What is Blockchain: a Definitive Guide for Everyone
Blockchain is the revolutionary technology behind bitcoin and thousands of cryptocurrencies and has potential beyond digital currencies. Our guide will walk you through what it is, how it’s used and its history.
The technology behind Bitcoin, the first cryptocurrency, was introduced as blockchain. Consider it the infrastructure for cryptocurrency: if cryptocurrencies were automobiles, blockchain would be the highway. While there is some debate among experts about the future of cryptocurrencies, there is no doubt that blockchain technology has a bright future. The next big thing is blockchain technology.
What is Blockchain?
Everyone agrees that this technology is a significant advancement—perhaps the most significant since the internet’s inception. As a result, major corporations such as Google and Amazon are vying for a piece of the pie by developing their own blockchain solutions. The time you spend reading this guide will pay for itself many times over. Consider reading an Internet book in 1994, when TV shows were still debating the birth of e-mail.
The future of decentralized technology is bright, and understanding the fundamentals of blockchain is essential whether you’re interested in cryptocurrencies or blockchain technology. This includes a basic explanation of how blockchains work, the problems they solve, and the enormous benefits they provide to the world today. Blockchains are widely discussed, not just in the financial world. Blockchain is already being used to store and process personal data and identification in marketing and computer games. But what exactly is blockchain? Let’s put it like this: A continuous chain of blocks is what blockchain refers to in its most literal sense.
It keeps track of all transactions, including tulip bulbs in a botanical garden. These records, unlike traditional databases, cannot be changed or deleted; only new ones can be added. Because many independent users store the entire chain of transactions and the current list of owners on their computers, blockchain is also known as distributed ledger technology. The information is not lost if one or more computers fail.

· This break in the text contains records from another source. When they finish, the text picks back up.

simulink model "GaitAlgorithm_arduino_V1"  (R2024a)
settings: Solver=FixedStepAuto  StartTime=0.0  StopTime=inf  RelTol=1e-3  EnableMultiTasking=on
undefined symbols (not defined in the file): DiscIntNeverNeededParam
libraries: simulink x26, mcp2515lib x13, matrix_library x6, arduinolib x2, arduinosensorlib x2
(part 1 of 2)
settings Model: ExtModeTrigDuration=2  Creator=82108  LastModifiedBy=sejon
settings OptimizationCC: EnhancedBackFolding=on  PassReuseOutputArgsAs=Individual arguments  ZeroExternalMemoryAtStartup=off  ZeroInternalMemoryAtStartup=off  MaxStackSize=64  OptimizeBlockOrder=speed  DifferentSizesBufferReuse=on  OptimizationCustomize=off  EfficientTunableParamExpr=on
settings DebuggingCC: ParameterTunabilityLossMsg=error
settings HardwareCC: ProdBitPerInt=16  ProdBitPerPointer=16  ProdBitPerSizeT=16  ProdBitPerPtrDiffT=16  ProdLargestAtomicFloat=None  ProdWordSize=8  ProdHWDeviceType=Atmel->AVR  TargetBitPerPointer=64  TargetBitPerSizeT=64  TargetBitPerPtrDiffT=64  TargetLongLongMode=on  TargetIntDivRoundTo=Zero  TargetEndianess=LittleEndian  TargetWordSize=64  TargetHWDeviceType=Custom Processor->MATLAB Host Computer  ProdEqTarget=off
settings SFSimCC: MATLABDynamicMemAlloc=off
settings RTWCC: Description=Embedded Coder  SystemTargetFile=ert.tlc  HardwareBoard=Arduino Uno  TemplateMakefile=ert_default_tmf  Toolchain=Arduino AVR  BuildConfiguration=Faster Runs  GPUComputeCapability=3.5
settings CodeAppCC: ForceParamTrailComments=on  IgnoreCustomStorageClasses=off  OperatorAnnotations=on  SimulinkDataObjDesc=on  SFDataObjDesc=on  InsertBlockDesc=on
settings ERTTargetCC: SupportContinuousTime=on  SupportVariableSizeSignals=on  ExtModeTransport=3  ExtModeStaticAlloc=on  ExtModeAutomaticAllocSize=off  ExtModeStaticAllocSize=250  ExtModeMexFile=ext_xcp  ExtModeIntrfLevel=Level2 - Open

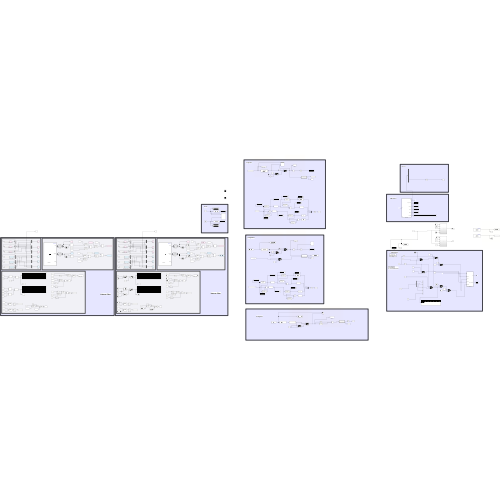
[thumbnail: Simulink's stored preview of the top-level diagram]
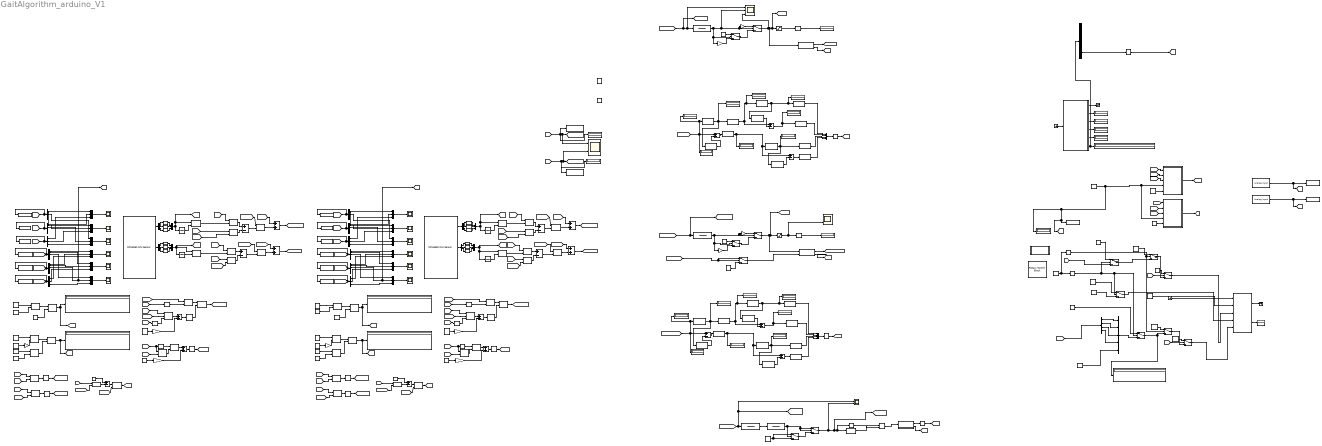
== system GaitAlgorithm_arduino_V1 ==
  note: D : Driving Mode
      | Z : Zeroing Mode
      | TZ : To zero Position Mode
  note: LIMIT STOP
  note: CAN Transmit
  note: DC Algorithm
  note: IC Algorithm
  note: Kalman Filter
  note: IMU data
  note: CAN Receive
  note: IC
  note: Kalman Filter
  note: LG Algorithm
  AND2 : Logic  IconShape=distinctive  AllPortsSameDT=off  OutDataTypeStr=boolean
  Acc_x : Scope
  Acc_x1 : Scope
  Acc_y : Scope
  Acc_y1 : Scope
  Acc_z : Scope
  Acc_z1 : Scope
  Add{,1,6,9..10,13..15} (8 alike) : Sum
  Add{2..5,7..8,11..12,16..19} (12 alike) : Sum  Inputs=+-
  Analog Input : arduinolib/Analog Input  pinNumber=0  ReadResultsOnly=off  ConversionTriggerSource=Software  ExternalTriggerType=uint32( 0 )  OutputDataType=uint16  EnableConversionCompleteNotify=off  EnableOuputStatus=off  SampleTime=0.01  blockPlatform=arduino
  Analog Input1 : arduinolib/Analog Input  pinNumber=1  ReadResultsOnly=off  ConversionTriggerSource=Software  ExternalTriggerType=uint32( 0 )  OutputDataType=uint16  EnableConversionCompleteNotify=off  EnableOuputStatus=off  SampleTime=0.01  blockPlatform=arduino
  Bias{,1..11} (12 alike) : Bias  SaturateOnIntegerOverflow=off
  CANbegin : Subsystem  TreatAsAtomicUnit=on  mask{TargetHardware=Arduino, Oscillator=8, CANSpeed=1000, CSpin=10}
      mask prompts: TargetHardware "Target Hardware"; Oscillator "Oscillator frequency(MHz)"; CANSpeed "CAN speed(kHz)"; CSpin "Chip Select Pin"
      mask init:
      | % Get this mask's handle
      | maskObj = Simulink.Mask.get(gcb);
      | 
      | % Get the selected value from mask parameter's option
      | str_TargetHard = char(maskObj.Parameters(1).TypeOptions(TargetHardware));
      | str_Osc = char(maskObj.Parameters(2).TypeOptions(Oscillator));
      | str_CANSpeed = char(maskObj.Parameters(3).TypeOptions(CANSpeed));
      | 
      | % Set Icon
      | str1 = sprintf('%s(Model)',str_TargetHard);
      | str2 = sprintf('Oscillator: %s(MHz)',str_Osc);
      | str3 = sprintf('CAN Bus Speed: %s(kHz)',str_CANSpeed);
      | str4 = sprintf('Chip Select pin: %d',CSpin);
      | 
      | % Set the values of Variant Subsystem
      | switch str_TargetHard
      |     case 'Arduino'
      |         str = [str1,'\n',str2,'\n',str3,'\n',str4];
      |         evalin('base',sprintf('CSpin = %d;',CSpin));        
      |         evalin('base','Hardware = 1;');
      |     case 'Raspberry Pi'
      |         str = [str1,'\n',str2,'\n',str3];
      |         evalin('base',sprintf('clear CSpin',CSpin));           
      |         evalin('base','Hardware = 2;');     
      | end  
      | 
      | % Get the CAN Configuration register's value from mask parameter's option
      | if str_Osc == '8' %[MHz]
      |     switch str_CANSpeed
      |         case '1000'
      |             BPR = 0; PHSEG1 = 0; PRSEG = 0; PHSEG2 = 0;
      |         case '500'
      |             BPR = 0; PHSEG1 = 2; PRSEG = 0; PHSEG2 = 2;
      |         case '250'
      |             BPR = 0; PHSEG1 = 6; PRSEG = 0; PHSEG2 = 6;
      |         case '125'
      |             BPR = 1; PHSEG1 = 6; PRSEG = 1; PHSEG2 = 5;
      |         case '100'
      |             BPR = 1; PHSEG1 = 7; PRSEG = 2; PHSEG2 = 7;
      |         case '83.3'
      |             BPR = 1; PHSEG1 = 7; PRSEG = 6; PHSEG2 = 7;
      |         case '62.5'
      |             BPR = 3; PHSEG1 = 6; PRSEG = 0; PHSEG2 = 6;
      |         case '50'
      |             BPR = 3; PHSEG1 = 7; PRSEG = 2; PHSEG2 = 7;
      |         case '33.3'
      |             BPR = 4; PHSEG1 = 7; PRSEG = 6; PHSEG2 = 7;
      |     end            
      | elseif str_Osc == '16' %[MHz]
      |     switch str_CANSpeed  
      |         case '1000'
      |             BPR = 0; PHSEG1 = 2; PRSEG = 0; PHSEG2 = 2;
      |         case '500'
      |             BPR = 0; PHSEG1 = 6; PRSEG = 0; PHSEG2 = 6;
      |         case '250'
      |             BPR = 1; PHSEG1 = 6; PRSEG = 1; PHSEG2 = 5;        
      |         case '125'
      |             BPR = 3; PHSEG1 = 6; PRSEG = 0; PHSEG2 = 6;
      |         case '100'
      |             BPR = 3; PHSEG1 = 7; PRSEG = 2; PHSEG2 = 7;
      |         case '83.3'
      |             BPR = 3; PHSEG1 = 7; PRSEG = 6; PHSEG2 = 7;
      |         case '62.5'
      |             BPR = 7; PHSEG1 = 6; PRSEG = 0; PHSEG2 = 6;
      |         case '50'
      |             BPR = 7; PHSEG1 = 7; PRSEG = 2; PHSEG2 = 7;
      |         case '33.3'
      |             BPR = 9; PHSEG1 = 7; PRSEG = 6; PHSEG2 = 7;        
      |     end   
      | end
      | % Set the CAN Configuration register's value
      | address2A = BPR;          % bit7-6 :SJW, bit5-0: BPR
      | address29 = 192 ...       % bit7: BTLMODE = 1, bit6:SAM = 1
      |             + 8*PHSEG1 ...% bit5-3: PHSEG1
      |             +PRSEG;       % bit2-0: PRSEG
      | address28 = 128 ...       % bit7: SOF = 1, bit6:WAKFIL = 0
      |             + PHSEG2;     % bit5-3: 0, bit2-0: PHSEG2
      settings: RTWSystemCode=Nonreusable function
      mask TypeOptions TargetHardware: Arduino | Raspberry Pi
      mask Callback TargetHardware:
      | if(strcmp(get_param(gcb,'TargetHardware'),'Arduino'))
      |     set_param(gcb,'MaskVisibilities',{'on','on','on','on'})
      | else
      |     set_param(gcb,'MaskVisibilities',{'on','on','on','off'})
      | end
      mask TypeOptions Oscillator: 8 | 16
      mask TypeOptions CANSpeed: 1000 | 500 | 250 | 125 | 100 | 83.3 | 62.5 | 50 | 33.3
      mask DialogControl DescGroupVar Prompt: Description
      mask DialogControl DescTextVar Prompt: This block must be executed only once when beginning CAN communication because MCP2515’s register needs to be configured. And the frequency of oscillator for MCP2515 is also needed because it effects to the setting parameters of MCP2515's register.
      mask Display: disp(str)
  CANreceive : Subsystem  TreatAsAtomicUnit=on
      mask DialogControl DescGroupVar Prompt: Description
      mask DialogControl DescTextVar Prompt: CANreceive outputs CAN data by converting MCP2515 RX buffer register’s values. In/Out ports are no use because they are used for controlling the execution order. CAN_Received outputs 1(CAN received) or -1( No message).
  CANtransmit : Subsystem  TreatAsAtomicUnit=on
      mask DialogControl DescGroupVar Prompt: Description
      mask DialogControl DescTextVar Prompt: CANtransmit inputs CAN data by converting MCP2515 TX buffer register’s values. In/Out ports are no use because they are used for controlling the execution order. CAN_Transmitted outputs 1(Success) or 2(Fail).
  Compare To Constant1 : simulink/Logic and Bit Operations/Compare To Constant  relop=>=  const=0  OutDataTypeStr=boolean
  Compare To Constant4 : simulink/Logic and Bit Operations/Compare To Constant  relop=>=  const=0  OutDataTypeStr=boolean
  Compare To Constant5 : simulink/Logic and Bit Operations/Compare To Constant  relop=>  const=-2  OutDataTypeStr=boolean
  Compare To Constant7 : simulink/Logic and Bit Operations/Compare To Constant  relop===  const=1  OutDataTypeStr=boolean
  Compare To Constant8 : simulink/Logic and Bit Operations/Compare To Constant  relop===  const=2  OutDataTypeStr=boolean
  Compare To Constant9 : simulink/Logic and Bit Operations/Compare To Constant  relop=>=  const=0xff  OutDataTypeStr=boolean
  Constant : Constant  Value=[0 0 0 0]  OutDataTypeStr=uint8
  Constant1 : Constant  OutDataTypeStr=uint8
  Constant10 : Constant  Value=[0 0 0; 0 0 0; 0 0 0]  SampleTime=-1
  Constant11 : Constant  Value=[0 0 0; 0 0 0; 0 0 0]
  Constant12 : Constant  Value=[0 0 0 0 0 0; 0 0 0 0 0 0; 0 0 0 0 0 0]
  Constant13 : Constant  Value=[0 0 0; 0 0 0; 0 0 0]
  Constant14 : Constant  Value=0x168  OutDataTypeStr=uint16
  Constant15 : Constant  Value=[0x00 0x00 0x07 0xd0 ]  OutDataTypeStr=uint16
  Constant16 : Constant  Value=-1
  Constant17 : Constant  Value=-1
  Constant18 : Constant  Value=-2
  Constant19 : Constant  Value=3  SampleTime=0.01
  Constant21 : Constant  Value=0x468
  Constant22 : Constant  Value=[0 0 0 0 0 0 0 0 ]  OutDataTypeStr=uint8
  Constant23 : Constant  Value=0x468
  Constant24 : Constant  Value=[0 0 0 0 0 0 0 0 ]  OutDataTypeStr=uint8
  Constant25 : Constant  Value=2
  Constant3 : Constant  Value=4  OutDataTypeStr=uint8
  Constant4 : Constant  Value=-10
  Constant5 : Constant  Value=0x568
  Constant6 : Constant  OutDataTypeStr=uint8
  Constant7 : Constant  Value=[0x01 0 0 0 0 0 0 0]  OutDataTypeStr=uint8
  Constant8 : Constant  Value=[0 0 0; 0 0 0; 0 0 0]
  Constant9 : Constant  Value=[0 0 0 0 0 0; 0 0 0 0 0 0; 0 0 0 0 0 0]  SampleTime=-1
  Data Store Memory : DataStoreMemory  DataStoreName=T_G_Z  WriteAfterWriteMsg=warning  ShowAdditionalParam=off
  Data Store Memory1 : DataStoreMemory  DataStoreName=S_G_Z  WriteAfterWriteMsg=warning  ShowAdditionalParam=off
  Data Store Write : DataStoreWrite  DataStoreName=T_G_Z  DataStoreElements=T_G_Z  IndexOptions=Index vector (dialog)  Indices=1  OutputSizes=1
  Data Store Write1 : DataStoreWrite  DataStoreName=S_G_Z  DataStoreElements=S_G_Z  IndexOptions=Index vector (dialog)  Indices=1  OutputSizes=1
  Data Type Conversion{1..2,10..11} (4 alike) : DataTypeConversion  OutDataTypeStr=uint16  SaturateOnIntegerOverflow=off  RndMeth=Floor
  Data Type Conversion{6..7,9,12} (4 alike) : DataTypeConversion  OutDataTypeStr=uint8  SaturateOnIntegerOverflow=off  RndMeth=Floor
  Data Type Conversion{3..5,8} (4 alike) : DataTypeConversion  OutDataTypeStr=uint8  RndMeth=Floor
  Delay1 : Delay  DelayLength=1
  Delay2 : Delay  DelayLength=1
  Delay_acc : Delay  DelayLength=1  InitialCondition=[0; 0; 0; 0; 0;0]
  Delay_acc1 : Delay  DelayLength=1  InitialCondition=[0; 0; 0; 0; 0;0]
  Delay_gyro : Delay  DelayLength=1  InitialCondition=[0; 0; 0; 0; 0;0]
  Delay_gyro1 : Delay  DelayLength=1  InitialCondition=[0; 0; 0; 0; 0;0]
  Demux : Demux  Outputs=8
  Demux{3..4,6..7,9..10,16,18} (8 alike) : Demux  Outputs=6
  Demux{5,8,11..15,17} (8 alike) : Demux  Outputs=3
  Demux2 : Demux
  Detect Increase1 : simulink/Logic and Bit Operations/Detect Increase  vinit=0.0  OutDataTypeStr=boolean
  Discrete-Time Integrator{,1..3} (4 alike) : DiscreteIntegrator  SampleTime=-1  ICPrevOutput=DiscIntNeverNeededParam  ICPrevScaledInput=DiscIntNeverNeededParam
  Display{1..24,27..33} (31 alike) : Display
      Display11 settings: Format=hex (Stored Integer)
      Display12 settings: Format=hex (Stored Integer)
      Display13 settings: Format=hex (Stored Integer)
      Display14 settings: Format=hex (Stored Integer)
      Display15 settings: Format=hex (Stored Integer)
      Display16 settings: Format=hex (Stored Integer)
      Display17 settings: Format=hex (Stored Integer)
      Display18 settings: Format=hex (Stored Integer)
      Display19 settings: Format=hex (Stored Integer)
      Display20 settings: Format=hex (Stored Integer)
      Display21 settings: Format=hex (Stored Integer)
      Display22 settings: Format=hex (Stored Integer)
      Display23 settings: Format=hex (Stored Integer)
      Display24 settings: Format=hex (Stored Integer)
      Display28 settings: Format=hex (Stored Integer)
      Display30 settings: Format=hex (Stored Integer)
      Display32 settings: Format=hex (Stored Integer)
      Display7 settings: Format=hex (Stored Integer)
      Display9 settings: Format=hex (Stored Integer)
  Enabled Subsystem1 : Subsystem  TreatAsAtomicUnit=on
  Enabled Subsystem3 : Subsystem  TreatAsAtomicUnit=on
  Enabled Subsystem4 : Subsystem  TreatAsAtomicUnit=on
  Gain : Gain  Gain=-0.01
  Gain1 : Gain  Gain=-0.01
  Gain{2..5} (4 alike) : Gain  Gain=2
  Ground : Ground
  Ground1 : Ground
  Gyro_x : Scope
  Gyro_x1 : Scope
  Gyro_y : Scope
  Gyro_y1 : Scope
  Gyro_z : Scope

Blockchain is a shared, immutable registry designed to record transactions, record assets, and build trust. Learn why companies around the world are adopting blockchain.
Blockchain definition: Blockchain is a shared, immutable registry that simplifies the process of recording transactions and accounting for assets in a business network. An asset can be tangible (house, car, money, land) or intangible (intellectual property, patents, copyrights, branding). Almost anything of any value can be tracked and sold using blockchain. This technology reduces risk and cost for all parties involved.
What's the Importance of Blockchain
Businesses depend on data. The speed and accuracy of data is critical. Blockchain is ideal for providing this information because it offers authorized participants in the network instant, shared, and fully transparent access to information in an unchanging registry. The blockchain network makes it possible to track orders, payments, accounts, goods and more. And because all participants share a single source of reliable data, you can view all transaction information at any time to work with more confidence and gain new benefits and opportunities.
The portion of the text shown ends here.